Numerous industrial applications, such as textile industry, paper mills, robotics and
railway traction, require more than one electric drive. Currently, the multi-machine drive
system is available in two different configurations. The first one comprises n three-phase
VSIs feeding n three-phase motors individually while the second one is a system with n
parallel-connected three-phase motors fed from a single three-phase VSI. The formerdrive system requires n three-phase VSIs while the latter system requires the motors to run under identical speed and torque conditions and hence it lacks means for independent control of motors. Thus in the present configurations it is not possible to independently control more than one machine with the supply coming from only one inverter. This thesis considers means for independent control within multi-motor drive systems based on multi-phase machines and multi-phase VSIs.
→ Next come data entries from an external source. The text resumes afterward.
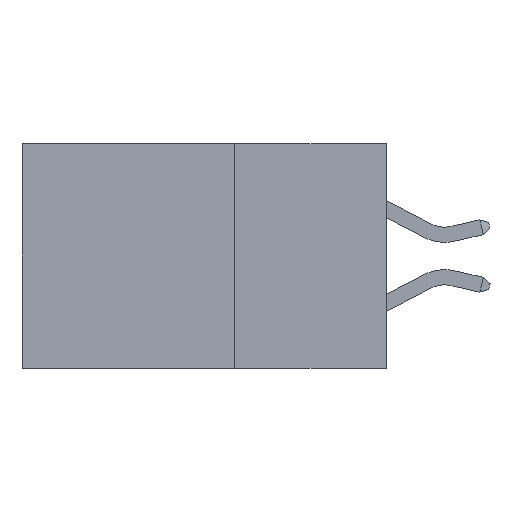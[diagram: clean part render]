
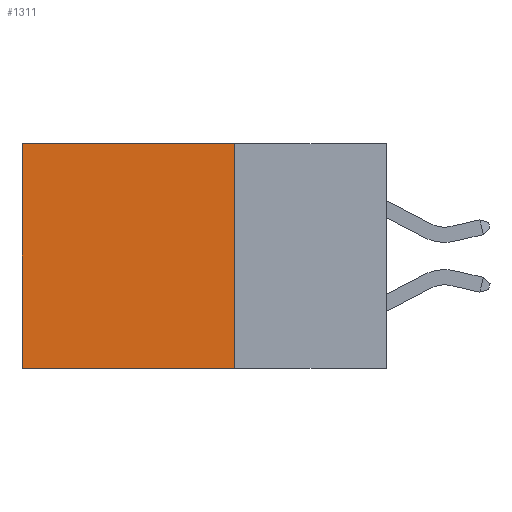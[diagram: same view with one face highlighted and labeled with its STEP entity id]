
A CAD part, left-side view. The second image highlights one B-rep face of the part: STEP entity #1311.
In plain terms, the highlighted planar face has unit normal (-1, 0, 0).
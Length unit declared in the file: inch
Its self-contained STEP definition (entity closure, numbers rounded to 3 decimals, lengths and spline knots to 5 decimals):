
#9 = CARTESIAN_POINT ( 'NONE',  ( 0.298, 0.25, 0. ) ) ;
#980 = ORIENTED_EDGE ( 'NONE', *, *, #2496, .T. ) ;
#1311 = ADVANCED_FACE ( 'NONE', ( #22710 ), #21246, .F. ) ;
#1723 = VECTOR ( 'NONE', #28995, 39.37008 ) ;
#2496 = EDGE_CURVE ( 'NONE', #5814, #10965, #10610, .T. ) ;
#3280 = EDGE_CURVE ( 'NONE', #3994, #18202, #23488, .T. ) ;
#3730 = DIRECTION ( 'NONE',  ( 0., 1., 0. ) ) ;
#3994 = VERTEX_POINT ( 'NONE', #4819 ) ;
#4080 = AXIS2_PLACEMENT_3D ( 'NONE', #23521, #9824, #25827 ) ;
#4466 = DIRECTION ( 'NONE',  ( 0., 1., 0. ) ) ;
#4819 = CARTESIAN_POINT ( 'NONE',  ( 0.298, 0.25, -0.37 ) ) ;
#5814 = VERTEX_POINT ( 'NONE', #9 ) ;
#8231 = EDGE_LOOP ( 'NONE', ( #23708, #14428, #12492, #980 ) ) ;
#9824 = DIRECTION ( 'NONE',  ( 1., 0., 0. ) ) ;
#9959 = CARTESIAN_POINT ( 'NONE',  ( 0.298, 0.6, 0. ) ) ;
#10610 = LINE ( 'NONE', #24264, #26350 ) ;
#10644 = CARTESIAN_POINT ( 'NONE',  ( 0.298, 0.6, 0. ) ) ;
#10965 = VERTEX_POINT ( 'NONE', #9959 ) ;
#11041 = EDGE_CURVE ( 'NONE', #10965, #18202, #20721, .T. ) ;
#12492 = ORIENTED_EDGE ( 'NONE', *, *, #18876, .F. ) ;
#13548 = DIRECTION ( 'NONE',  ( 0., 0., -1. ) ) ;
#14428 = ORIENTED_EDGE ( 'NONE', *, *, #3280, .F. ) ;
#15988 = CARTESIAN_POINT ( 'NONE',  ( 0.298, 0.6, -0.37 ) ) ;
#18202 = VERTEX_POINT ( 'NONE', #15988 ) ;
#18836 = VECTOR ( 'NONE', #4466, 39.37008 ) ;
#18876 = EDGE_CURVE ( 'NONE', #5814, #3994, #25553, .T. ) ;
#19457 = VECTOR ( 'NONE', #13548, 39.37008 ) ;
#20721 = LINE ( 'NONE', #10644, #1723 ) ;
#21246 = PLANE ( 'NONE',  #4080 ) ;
#22710 = FACE_OUTER_BOUND ( 'NONE', #8231, .T. ) ;
#22981 = CARTESIAN_POINT ( 'NONE',  ( 0.298, 0.25, -0.37 ) ) ;
#23488 = LINE ( 'NONE', #22981, #18836 ) ;
#23521 = CARTESIAN_POINT ( 'NONE',  ( 0.298, 0.25, 0. ) ) ;
#23708 = ORIENTED_EDGE ( 'NONE', *, *, #11041, .T. ) ;
#24264 = CARTESIAN_POINT ( 'NONE',  ( 0.298, 0.25, 0. ) ) ;
#24765 = CARTESIAN_POINT ( 'NONE',  ( 0.298, 0.25, 0. ) ) ;
#25553 = LINE ( 'NONE', #24765, #19457 ) ;
#25827 = DIRECTION ( 'NONE',  ( 0., 0., -1. ) ) ;
#26350 = VECTOR ( 'NONE', #3730, 39.37008 ) ;
#28995 = DIRECTION ( 'NONE',  ( 0., 0., -1. ) ) ;

The objective is to accomplish independent control of all multi-phase machines in the group while using a single VSI. Such an independent control is enabled by using an appropriate series connection of stator windings of multi-phase motors and vector control principles. The fundamentals of the concept emerge from the fact that the multi-phase machines, regardless of the number of phases, require only two currents for flux and torque control. Hence there are extra currents, which can be utilised to control the second and subsequent multi-phase motors in a multi-motor drive system. An appropriate series connection of the stator windings converts the flux/torque producing currents of one machine into the non-flux/torque producing currents for the other machines, allowing independent control of each multi-phase motor using a vector control scheme. Two multi-phase two-motor series-connected drive configurations are considered in detail in this thesis. These are the five-phase drive, consisting of two five-phase machines and a five-phase VSI, and the six-phase drive, comprising a symmetrical six-phase machine, a
three-phase machine and a six-phase VSI. Detailed mathematical modelling of both drive systems is performed. It is proved in this way mathematically that independent vector control is indeed possible due to the specific stator winding connection. Detailed modelling of both five-phase and six-phase VSIs is further reported and a number of space vector PWM schemes are developed. Numerous simulation studies are performed for both five-phase and six-phase two-motor drives using indirect vector control principles and current control in the stationary reference frame (hysteresis and ramp-comparison), thus proving by simulation the possibility of independent control under realistic supply conditions. Finally, a laboratory rig is described, which utilises a five-phase inverter. Five-phase two-motor drive systems, comprising two five-phase induction motors and a five-phase induction motor and a five-phase synchronous reluctance motor, respectively, are investigated experimentally. An analysis of the motor’s performance within the five-phase two-motor drive is presented and it is compared with performance of a single five-phase motor drive. The experimental results fully verify the existence of decoupled dynamic control of two machines in the series-connected five-phase drive.